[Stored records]
-----

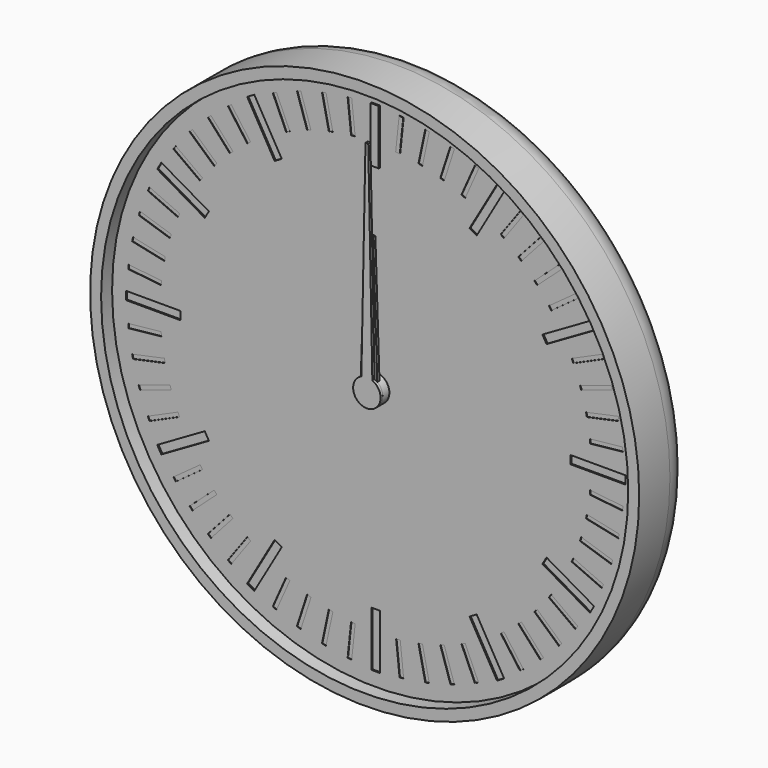
from build123d import *

# Parameters (mm, degrees)
F0_R      = 100
F1_DEPTH  = 24
F2_R      = 10
F3_T      = -4
F4_R      = 5
F4_R_2    = 3
F5_DEPTH  = 2
F6_DEPTH  = 19
F7_DEPTH  = 8
F9_DEPTH  = 4
F11_DEPTH = 4
F12_R     = 5
F12_R_2   = 3
F13_DEPTH = 2
F14_R     = 3
F15_DEPTH = 4
F17_DEPTH = 4
F18_R     = 3
F19_DEPTH = 2
F20_R     = 98
F20_R_2   = 5
F21_DEPTH = 1
F23_R     = 5
F23_R_2   = 3
F24_DEPTH = 2
F25_W     = 3
F25_H     = 20
F25_W_2   = 20
F25_H_2   = 3
F26_DEPTH = 0.5
F27_W     = 1.5
F27_H     = 12
F27_W_2   = 12
F27_H_2   = 1.5
F28_DEPTH = 0.2
F29_DEPTH = 1
F30_DEPTH = 0.4
F31_R     = 5
F31_R_2   = 3
F32_DEPTH = 5
F33_R     = 3
F34_DEPTH = 1
F36_DEPTH = 1


with BuildPart() as f1:
    # F0 (on Front) → F1 (new body)
    with BuildSketch(Plane.XZ):
        Circle(F0_R)
    extrude(amount=F1_DEPTH)

    # F2
    f2_edges = [f1.edges().sort_by_distance(p)[0] for p in [
        (-100, 0, 0),
    ]]
    fillet(f2_edges, radius=F2_R)

    # F3
    f3_openings = [f1.faces().sort_by_distance(p)[0] for p in [
        (0, -24, 0),
    ]]
    offset(amount=F3_T, openings=f3_openings)

    # F4 (on face) → F5 (join)
    with BuildSketch(Plane.XZ.offset(4)):
        Circle(F4_R)
        Circle(F4_R_2, mode=Mode.SUBTRACT)
        with Locations((40, 0)):
            Circle(F4_R)
        with Locations((40, 0)):
            Circle(F4_R_2, mode=Mode.SUBTRACT)
    extrude(amount=F5_DEPTH)


with BuildPart() as f6:
    # F4 (on face) → F6 (new body)
    with BuildSketch(Plane.XZ.offset(4)):
        Circle(F4_R_2)
    extrude(amount=F6_DEPTH)

    # F8 (on face) → F9 (join)
    with BuildSketch(Plane.XZ.offset(6)):
        with BuildLine():
            ThreePointArc((9.2729637667, -1.3794085621), (9.3494561423, -0.6915886375), (9.375, 0))
            ThreePointArc((9.375, 0), (9.3494561423, 0.6915886375), (9.2729637667, 1.3794085621))
            ThreePointArc((9.2729637667, 1.3794085621), (8.9161548403, 2.8970343223), (8.3127812852, 4.3345463782))
            ThreePointArc((8.3127812852, 4.3345463782), (7.5845343223, 5.5104867402), (6.6911892658, 6.566476316))
            ThreePointArc((6.6911892658, 6.566476316), (5.5104867402, 7.5845343223), (4.1773988938, 8.3928519278))
            ThreePointArc((4.1773988938, 8.3928519278), (2.8970343223, 8.9161548403), (1.5536078905, 9.2453733036))
            ThreePointArc((1.5536078905, 9.2453733036), (0, 9.375), (-1.5536078905, 9.2453733036))
            ThreePointArc((-1.5536078905, 9.2453733036), (-2.8970343223, 8.9161548403), (-4.1773988938, 8.3928519278))
            ThreePointArc((-4.1773988938, 8.3928519278), (-5.5104867402, 7.5845343223), (-6.6911892658, 6.566476316))
            ThreePointArc((-6.6911892658, 6.566476316), (-7.5845343223, 5.5104867402), (-8.3127812852, 4.3345463782))
            ThreePointArc((-8.3127812852, 4.3345463782), (-8.9161548403, 2.8970343223), (-9.2729637667, 1.3794085621))
            ThreePointArc((-9.2729637667, 1.3794085621), (-9.375, 0), (-9.2729637667, -1.3794085621))
            ThreePointArc((-9.2729637667, -1.3794085621), (-8.9161548403, -2.8970343223), (-8.3127812852, -4.3345463782))
            ThreePointArc((-8.3127812852, -4.3345463782), (-7.5845343223, -5.5104867402), (-6.6911892658, -6.566476316))
            ThreePointArc((-6.6911892658, -6.566476316), (-5.5104867402, -7.5845343223), (-4.1773988938, -8.3928519278))
            ThreePointArc((-4.1773988938, -8.3928519278), (-2.8970343223, -8.9161548403), (-1.5536078905, -9.2453733036))
            ThreePointArc((-1.5536078905, -9.2453733036), (0, -9.375), (1.5536078905, -9.2453733036))
            ThreePointArc((1.5536078905, -9.2453733036), (2.8970343223, -8.9161548403), (4.1773988938, -8.3928519278))
            ThreePointArc((4.1773988938, -8.3928519278), (5.5104867402, -7.5845343223), (6.6911892658, -6.566476316))
            ThreePointArc((6.6911892658, -6.566476316), (7.5845343223, -5.5104867402), (8.3127812852, -4.3345463782))
            ThreePointArc((8.3127812852, -4.3345463782), (8.9161548403, -2.8970343223), (9.2729637667, -1.3794085621))
        make_face()
        with BuildLine():
            ThreePointArc((8.3127812852, 4.3345463782), (8.9161548403, 2.8970343223), (9.2729637667, 1.3794085621))
            Line((9.2729637667, 1.3794085621), (11.1823199426, 2.3946312492))
            Line((11.1823199426, 2.3946312492), (10.8182678729, 3.515068311))
            Line((10.8182678729, 3.515068311), (10.4542158031, 4.6355053728))
            Line((10.4542158031, 4.6355053728), (8.3127812852, 4.3345463782))
        make_face()
        with BuildLine():
            Line((11.1823199426, -2.3946312492), (9.2729637667, -1.3794085621))
            ThreePointArc((9.2729637667, -1.3794085621), (8.9161548403, -2.8970343223), (8.3127812852, -4.3345463782))
            Line((8.3127812852, -4.3345463782), (10.4542158031, -4.6355053728))
            Line((10.4542158031, -4.6355053728), (10.8182678729, -3.515068311))
            Line((10.8182678729, -3.515068311), (11.1823199426, -2.3946312492))
        make_face()
        with BuildLine():
            ThreePointArc((4.1773988938, 8.3928519278), (5.5104867402, 7.5845343223), (6.6911892658, 6.566476316))
            Line((6.6911892658, 6.566476316), (7.6391579371, 8.5101001246))
            Line((7.6391579371, 8.5101001246), (6.6860572448, 9.202568311))
            Line((6.6860572448, 9.202568311), (5.7329565525, 9.8950364974))
            Line((5.7329565525, 9.8950364974), (4.1773988938, 8.3928519278))
        make_face()
        with BuildLine():
            Line((7.6391579371, -8.5101001246), (6.6911892658, -6.566476316))
            ThreePointArc((6.6911892658, -6.566476316), (5.5104867402, -7.5845343223), (4.1773988938, -8.3928519278))
            Line((4.1773988938, -8.3928519278), (5.7329565525, -9.8950364974))
            Line((5.7329565525, -9.8950364974), (6.6860572448, -9.202568311))
            Line((6.6860572448, -9.202568311), (7.6391579371, -8.5101001246))
        make_face()
        with BuildLine():
            ThreePointArc((-1.5536078905, 9.2453733036), (0, 9.375), (1.5536078905, 9.2453733036))
            Line((1.5536078905, 9.2453733036), (1.1780972451, 11.375))
            Line((1.1780972451, 11.375), (0, 11.375))
            Line((0, 11.375), (-1.1780972451, 11.375))
            Line((-1.1780972451, 11.375), (-1.5536078905, 9.2453733036))
        make_face()
        with BuildLine():
            Line((1.1780972451, -11.375), (1.5536078905, -9.2453733036))
            ThreePointArc((1.5536078905, -9.2453733036), (0, -9.375), (-1.5536078905, -9.2453733036))
            Line((-1.5536078905, -9.2453733036), (-1.1780972451, -11.375))
            Line((-1.1780972451, -11.375), (0, -11.375))
            Line((0, -11.375), (1.1780972451, -11.375))
        make_face()
        with BuildLine():
            ThreePointArc((-6.6911892658, 6.566476316), (-5.5104867402, 7.5845343223), (-4.1773988938, 8.3928519278))
            Line((-4.1773988938, 8.3928519278), (-5.7329565525, 9.8950364974))
            Line((-5.7329565525, 9.8950364974), (-6.6860572448, 9.202568311))
            Line((-6.6860572448, 9.202568311), (-7.6391579371, 8.5101001246))
            Line((-7.6391579371, 8.5101001246), (-6.6911892658, 6.566476316))
        make_face()
        with BuildLine():
            Line((-5.7329565525, -9.8950364974), (-4.1773988938, -8.3928519278))
            ThreePointArc((-4.1773988938, -8.3928519278), (-5.5104867402, -7.5845343223), (-6.6911892658, -6.566476316))
            Line((-6.6911892658, -6.566476316), (-7.6391579371, -8.5101001246))
            Line((-7.6391579371, -8.5101001246), (-6.6860572448, -9.202568311))
            Line((-6.6860572448, -9.202568311), (-5.7329565525, -9.8950364974))
        make_face()
        with BuildLine():
            ThreePointArc((-9.2729637667, 1.3794085621), (-8.9161548403, 2.8970343223), (-8.3127812852, 4.3345463782))
            Line((-8.3127812852, 4.3345463782), (-10.4542158031, 4.6355053728))
            Line((-10.4542158031, 4.6355053728), (-10.8182678729, 3.515068311))
            Line((-10.8182678729, 3.515068311), (-11.1823199426, 2.3946312492))
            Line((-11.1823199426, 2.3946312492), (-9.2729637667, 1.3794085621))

-----

Reproduce exactly the entries above, limited to the lines from the one with "Line((0, -11.375), (1.1780972451, -11.375))" through the one with "4.6355053728), (-10.8182678729, 3.515068311))", both included.

            Line((0, -11.375), (1.1780972451, -11.375))
        make_face()
        with BuildLine():
            ThreePointArc((-6.6911892658, 6.566476316), (-5.5104867402, 7.5845343223), (-4.1773988938, 8.3928519278))
            Line((-4.1773988938, 8.3928519278), (-5.7329565525, 9.8950364974))
            Line((-5.7329565525, 9.8950364974), (-6.6860572448, 9.202568311))
            Line((-6.6860572448, 9.202568311), (-7.6391579371, 8.5101001246))
            Line((-7.6391579371, 8.5101001246), (-6.6911892658, 6.566476316))
        make_face()
        with BuildLine():
            Line((-5.7329565525, -9.8950364974), (-4.1773988938, -8.3928519278))
            ThreePointArc((-4.1773988938, -8.3928519278), (-5.5104867402, -7.5845343223), (-6.6911892658, -6.566476316))
            Line((-6.6911892658, -6.566476316), (-7.6391579371, -8.5101001246))
            Line((-7.6391579371, -8.5101001246), (-6.6860572448, -9.202568311))
            Line((-6.6860572448, -9.202568311), (-5.7329565525, -9.8950364974))
        make_face()
        with BuildLine():
            ThreePointArc((-9.2729637667, 1.3794085621), (-8.9161548403, 2.8970343223), (-8.3127812852, 4.3345463782))
            Line((-8.3127812852, 4.3345463782), (-10.4542158031, 4.6355053728))
            Line((-10.4542158031, 4.6355053728), (-10.8182678729, 3.515068311))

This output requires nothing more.